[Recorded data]
Content starts
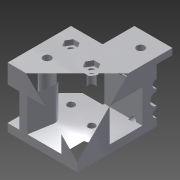
# Autodesk Inventor part: YAxisIdlerBlock
Saved by Autodesk Inventor 2015 (Build 190159000, 159)
## iProperties
Created: 2014-08-08
Part Number: YAxisIdlerBlock
Material: ABS Plastic
Document SubType Name: Modeling
Designer: Jack
Density: 1.06 g/cm^3
Appearance: Smooth - White
Author: Jack
Autodesk Inventor part; units mm, degrees
ref_plane "YZ Plane" through (0, 0, 0) normal (1, 0, 0) x (0, 1, 0)
ref_plane "XZ Plane" through (0, 0, 0) normal (0, 1, 0) x (-1, 0, 0)
ref_plane "XY Plane" through (0, 0, 0) normal (0, 0, 1) x (1, 0, 0)
sketch "Sketch1" plane through (0, 0, 0) normal (0, 0, 1) x (1, 0, 0)
  line L0 (0, 0) -> (44, 0)
  line L1 (44, 0) -> (44, 50)
  line L2 (44, 50) -> (20, 50)
  line L3 (20, 50) -> (20, 40)
  line L4 (20, 40) -> (0, 40)
  line L5 (0, 40) -> (0, 0)
  dimension "d0" = 44
  dimension "d1" = 50
  dimension "d2" = 24
  dimension "d3" = 10
  constraints: 12 end point, 4 perpendicular, 2 horizontal
  measures "d0" distance of L0.start L0.end
  measures "d1" distance of L0.end L1.end
  measures "d2" distance of L1.end L2.end
  measures "d3" distance of L2.end L3.end
extrude "Extrusion1" add sketch "Sketch1" along normal blind 5
sketch "Sketch2" plane through (0, 0, 5) normal (0, 0, 1) x (1, 0, 0)
  line L0 (44, 0) -> (44, 50) projected
  line L1 (44, 50) -> (20, 50) projected
  line L2 (20, 50) -> (20, 40) projected
  line L3 (20, 40) -> (44, 40)
  constraints: 2 end point, 1 perpendicular, 1 point on line
extrude "Extrusion2" add sketch "Sketch2" along normal blind 21
sketch "Sketch3" plane through (0, 0, 5) normal (0, 0, 1) x (1, 0, 0)
  line L0 (0, 40) -> (0, 0) projected
  line L1 (0, 0) -> (44, 0) projected
  circle A0 centre (10, 15) radius 5
  line L2 (7.5, 0) -> (5.072, 14.1547)
  line L3 (14.928, 14.1547) -> (12.5, 0)
  dimension "d8" = 10
  dimension "d9" = 15
  dimension "d10" = 10
  dimension "d11" = 7.5
  dimension "d12" = 5
  constraints: 4 end point, 2 point on circle, 2 point on line, 2 tangent, 1 centre point
  measures "d8" diameter of A0
  measures "d9" distance from line of L1 A0.centre
  measures "d10" distance from line of L0 A0.centre
  measures "d11" distance of L0.end L2.start
  measures "d12" distance of L2.start L3.end
extrude "Extrusion3" add sketch "Sketch3" along normal blind 21
sketch "Sketch4" plane through (0, 0, 5) normal (0, 0, 1) x (1, 0, 0)
  line L0 (12.5, 0) -> (44, 0) projected
  line L1 (44, 0) -> (44, 40) projected
  circle A0 centre (32, 25) radius 11
  line L2 (34, 14.1833) -> (34, 0)
  line L3 (42, 20.4174) -> (44, 20.4174)
  dimension "d15" = 22
  dimension "d16" = 25
  dimension "d17" = 12
  dimension "d18" = 10
  dimension "d23" = 2
  constraints: 4 end point, 2 perpendicular, 2 point on circle, 2 point on line, 1 centre point
  measures "d15" diameter of A0
  measures "d16" distance from line of L0 A0.centre
  measures "d17" distance from line of L1 A0.centre
  measures "d18" distance between parallel lines of L1 L2
  measures "d23" distance of L3.start L3.end
extrude "Extrusion4" add sketch "Sketch4" along normal blind 21 contours L2 A0 L3 L1 L0
sketch "Sketch5" plane through (0, 0, 26) normal (0, 0, 1) x (1, 0, 0)
  line L0 (44, 50) -> (20, 50) projected
  line L1 (20, 50) -> (20, 40) projected
  line L2 (20, 40) -> (44, 40) projected
  line L3 (44, 40) -> (44, 50) projected
  line L4 (42, 20.4174) -> (44, 20.4174) projected
  line L5 (44, 20.4174) -> (44, 40) projected
  line L6 (44, 40) -> (20, 40) projected
  line L7 (20, 40) -> (0, 40) projected
  line L8 (0, 40) -> (0, 0) projected
  line L9 (0, 0) -> (7.5, 0) projected
  line L10 (7.5, 0) -> (5.072, 14.1547) projected
  arc A0 (14.928, 14.1547) -> (5.072, 14.1547) centre (10, 15) ccw projected
  line L11 (14.928, 14.1547) -> (12.5, 0) projected
  line L12 (12.5, 0) -> (34, 0) projected
  line L13 (34, 0) -> (34, 14.1833) projected
  arc A1 (34, 14.1833) -> (42, 20.4174) centre (32, 25) ccw projected
  arc A2 (14.928, 14.1547) -> (5.072, 14.1547) centre (10, 15) ccw projected
  line L14 (5.072, 14.1547) -> (7.5, 0) projected
  line L15 (7.5, 0) -> (12.5, 0) projected
  line L16 (12.5, 0) -> (14.928, 14.1547) projected
  line L17 (44, 0) -> (44, 20.4174) projected
  line L18 (44, 20.4174) -> (42, 20.4174) projected
  arc A3 (34, 14.1833) -> (42, 20.4174) centre (32, 25) ccw projected
  line L19 (34, 14.1833) -> (34, 0) projected
  line L20 (34, 0) -> (44, 0) projected
extrude "Extrusion5" add sketch "Sketch5" along normal blind 12
sketch "Sketch6" plane through (0, 0, 38) normal (0, 0, 1) x (1, 0, 0)
  line L0 (20, 40) -> (0, 40) projected
  line L1 (0, 40) -> (0, 0) projected
  line L2 (0, 0) -> (44, 0) projected
  circle A0 centre (28, 25) radius 2.25
  circle A1 centre (10, 30) radius 2.25
  dimension "d24" = 4.5
  dimension "d26" = 25
  dimension "d28" = 10
  dimension "d29" = 10
  dimension "d60" = 28
  constraints: 2 centre point, 1 equal radius
  measures "d24" diameter of A0
  measures "d26" distance from line of L2 A0.centre
  measures "d28" distance from line of L0 A1.centre
  measures "d29" distance from line of L1 A1.centre
  measures "d60" distance from line of L1 A0.centre
extrude "Extrusion6" cut sketch "Sketch6" against normal up to surface (38 mm away)
sketch "Sketch7" plane through (0, 0, 0) normal (0, 0, -1) x (-1, 0, 0)
  circle A0 centre (-28, 25) radius 2.25 projected
  circle A1 centre (-10, 30) radius 2.25 projected
  circle A2 centre (-28, 25) radius 3.5
  circle A3 centre (-10, 30) radius 3.5
  dimension "d112" = 7
  dimension "d113" = 7
  constraints: 4 coincident, 2 centre point
  measures "d112" diameter of A2
  measures "d113" diameter of A3
extrude "Extrusion7" cut sketch "Sketch7" against normal blind 4
sketch "Sketch8" plane through (44, 0, 0) normal (1, 0, 0) x (0, 0, -1)
  line L0 (0, 50) -> (-38, 50)
  circle A0 centre (-15.5, 50) radius 4
  line L1 (-38, 0) -> (-38, 50) projected
  line L2 (0, 50) -> (-38, 50) projected
  dimension "d35" = 8
  dimension "d38" = 22.5
  constraints: 2 end point, 1 centre point, 1 point on line
  measures "d35" diameter of A0
  measures "d38" distance from line of L1 A0.centre
extrude "Extrusion8" cut sketch "Sketch8" against normal blind 20
sketch "Sketch9" plane through (0, 0, 38) normal (0, 0, 1) x (1, 0, 0)
  circle A0 centre (28, 25) radius 2.25 projected
  circle A1 centre (10, 30) radius 2.25 projected
  circle A2 centre (10, 30) radius 2.25 projected
  line L0 (14.0415, 30) -> (12.0207, 26.5)
  line L1 (12.0207, 26.5) -> (7.9793, 26.5)
  line L2 (7.9793, 26.5) -> (5.9585, 30)
  line L3 (5.9585, 30) -> (7.9793, 33.5)
  line L4 (7.9793, 33.5) -> (12.0207, 33.5)
  line L5 (12.0207, 33.5) -> (14.0415, 30)
  line L6 (32.0415, 25) -> (30.0207, 21.5)
  line L7 (30.0207, 21.5) -> (25.9793, 21.5)
  line L8 (25.9793, 21.5) -> (23.9585, 25)
  line L9 (23.9585, 25) -> (25.9793, 28.5)
  line L10 (25.9793, 28.5) -> (30.0207, 28.5)
  line L11 (30.0207, 28.5) -> (32.0415, 25)
  dimension "d110" = 7
  dimension "d111" = 7
  constraints: 24 end point, 2 coincident, 2 horizontal, 26 other
  measures "d110" distance between parallel lines of L1 L4
  measures "d111" distance between parallel lines of L7 L10
extrude "Extrusion9" cut sketch "Sketch9" against normal blind 3.2
sketch "Sketch10" plane through (0, 0, 0) normal (0, 0, -1) x (-1, 0, 0)
  arc A0 (-5.072, 14.1547) -> (-14.928, 14.1547) centre (-10, 15) ccw projected
  arc A1 (-5.072, 14.1547) -> (-14.928, 14.1547) centre (-10, 15) ccw projected
  circle A2 centre (-10, 15) radius 4.25
  dimension "d43" = 8.5
  constraints: 1 centre point, 1 coincident
  measures "d43" diameter of A2
extrude "Extrusion10" cut sketch "Sketch10" against normal blind 33
sketch "Sketch11" plane through (10, 15, 33) normal (0, 0, -1) x (-1, 0, 0)
  circle A0 centre (0, 0) radius 4.25 projected
  circle A1 centre (0, 0) radius 2.5
  point P0 (10, -15)
  dimension "d46" = 5
  constraints: 1 centre point, 1 coincident
  measures "d46" diameter of A1
extrude "Extrusion11" cut sketch "Sketch11" against normal up to next contours A1
sketch "Sketch12" plane through (20, 50, 0) normal (0, 1, 0) x (1, 0, 0)
  line L0 (24, 0) -> (24, -11.5) projected
  line L1 (24, -19.5) -> (4, -19.5) projected
  line L2 (0, 0) -> (0, -38) projected
  line L3 (24, -38) -> (0, -38) projected
  line L4 (24, -19.5) -> (24, -38) projected
  circle A0 centre (18, -5.5) radius 2
  circle A1 centre (18, -29.5) radius 2
  line L5 (4, -19.5) -> (4, -11.5) projected
  line L6 (4, -11.5) -> (24, -11.5) projected
  line L7 (24, 0) -> (24, -11.5) projected
  line L8 (24, 0) -> (0, 0) projected
  point P0 (-20, 0)
  dimension "d49" = 4
  dimension "d50" = 4
  dimension "d53" = 6
  dimension "d129" = 5.5
  dimension "d130" = 24
  constraints: 2 centre point, 1 vertical alignment
  measures "d49" diameter of A0
  measures "d50" diameter of A1
  measures "d53" distance from line of L0 A0.centre
  measures "d129" distance from line of L8 A0.centre
  measures "d130" distance of A1.centre A0.centre
extrude "Extrusion12" cut sketch "Sketch12" against normal up to surface (10 mm away) contours A0 | A1
sketch "Sketch15" plane through (20, 50, 0) normal (0, 1, 0) x (1, 0, 0)
  line L0 (24, 0) -> (0, 0) projected
  line L1 (0, 0) -> (0, -38) projected
  line L2 (24, -38) -> (0, -38) projected
  line L3 (4, 0) -> (4, -38)
  point P0 (4, -19.5)
  point P1 (-20, 0)
  constraints: 3 point on line, 2 end point, 1 perpendicular
extrude "Extrusion15" add sketch "Sketch15" along normal blind 10
sketch "Sketch16" plane through (24, 0, 0) normal (1, 0, 0) x (0, 0, -1)
  line L0 (-38, 60) -> (0, 60) projected
  line L1 (-38, 50) -> (-38, 60) projected
  line L2 (-19.5, 50) -> (-38, 50) projected
  line L3 (-34, 60) -> (-34, 50)
  point P0 (0, 0)
  dimension "d72" = 4
  constraints: 2 end point, 2 point on line, 1 vertical
  measures "d72" distance between parallel lines of L1 L3
extrude "Extrusion16" add sketch "Sketch16" along normal up to surface (20 mm away)
sketch "Sketch17" plane through (24, 0, 0) normal (1, 0, 0) x (0, 0, -1)
  arc A0 (-19.5, 50) -> (-11.5, 50) centre (-15.5, 50) ccw projected
  line L0 (-34, 60) -> (0, 60) projected
  circle A1 centre (-23.5, 50) radius 2.5
  circle A2 centre (-7.5, 50) radius 2.5
  point P0 (0, 0)
  dimension "d75" = 5
  dimension "d76" = 5
  dimension "d77" = 10
  dimension "d78" = 8
  dimension "d79" = 8
  constraints: 2 centre point, 1 horizontal alignment
  measures "d75" diameter of A1
  measures "d76" diameter of A2
  measures "d77" distance from line of L0 A2.centre
  measures "d78" distance of A0.centre A1.centre
  measures "d79" distance of A0.centre A2.centre
extrude "Extrusion17" cut sketch "Sketch17" against normal up to next
sketch "Sketch18" plane through (24, 0, 0) normal (-1, 0, 0) x (0, 0, 1)
  arc A0 (21, 50) -> (26, 50) centre (23.5, 50) ccw projected
  line L0 (5, 50) -> (10, 50) projected
  arc A1 (5, 50) -> (10, 50) centre (7.5, 50) ccw projected
  circle A2 centre (7.5, 50) radius 4.25
  circle A3 centre (23.5, 50) radius 4.25
  point P0 (0, 0)
  point P1 (34, 52.4495)
  dimension "d82" = 8.5
  dimension "d83" = 8.5
  constraints: 2 centre point, 2 coincident, 1 other
  measures "d82" diameter of A2
  measures "d83" diameter of A3
extrude "Extrusion18" cut sketch "Sketch18" against normal blind 9 contours L0 A1 | A2 | A3
sketch "Sketch19" plane through (44, 0, 0) normal (1, 0, 0) x (0, 0, -1)
  circle A0 centre (-23.5, 50) radius 2.5 projected
  circle A1 centre (-23.5, 50) radius 2.5 projected
  circle A2 centre (-7.5, 50) radius 2.5 projected
  circle A3 centre (-7.5, 50) radius 2.5 projected
extrude "Extrusion19" cut sketch "Sketch19" against normal blind 13
sketch "Sketch20" plane through (24, 50, 34) normal (0, 0, -1) x (-1, 0, 0)
  line L0 (0, 10) -> (-20, 10) projected
  circle A0 centre (-10, 0) radius 2.5
  line L1 (0, 10) -> (0, 0) projected
  point P0 (24, -50)
  point P1 (0, 2.4109)
  dimension "d88" = 5
  dimension "d89" = 10
  dimension "d109" = 10
  constraints: 1 centre point
  measures "d88" diameter of A0
  measures "d89" distance from line of L0 A0.centre
  measures "d109" distance from line of L1 A0.centre
extrude "Extrusion20" cut sketch "Sketch20" against normal up to next
sketch "Sketch23" plane through (24, 50, 34) normal (0, 0, -1) x (-1, 0, 0)
  arc A0 (-7.5, 0) -> (-12.5, 0) centre (-10, 0) ccw projected
  circle A1 centre (-10, 0) radius 1.8
  point P0 (24, -50)
  point P1 (-9, 2.2913)
  point P2 (-9.5, 2.4495)
  point P3 (-10.5, 2.4495)
  dimension "d98" = 3.6
  constraints: 1 centre point, 1 coincident
  measures "d98" diameter of A1
extrude "Extrusion23" cut sketch "Sketch23" along normal up to surface (34 mm away)
sketch "Sketch28" plane through (20, 40, 5) normal (0, -1, 0) x (1, 0, 0)
  circle A0 centre (18, 0.5) radius 2 projected
  line L0 (24, 0) -> (0, 0) projected
  line L1 (24, 0) -> (24, 21) projected
  line L2 (0, 21) -> (24, 21) projected
  line L3 (0, 0) -> (0, 21) projected
  point P0 (-20, -5)
extrude "Extrusion26" cut sketch "Sketch28" against normal blind 1 contours A0 L0 L3 L2 L1
body "Solid1"
Content ends
Look through the entries above. Extract each line with the word "Autodesk".

### Exercise response
# Autodesk Inventor part: YAxisIdlerBlock
Saved by Autodesk Inventor 2015 (Build 190159000, 159)
Autodesk Inventor part; units mm, degrees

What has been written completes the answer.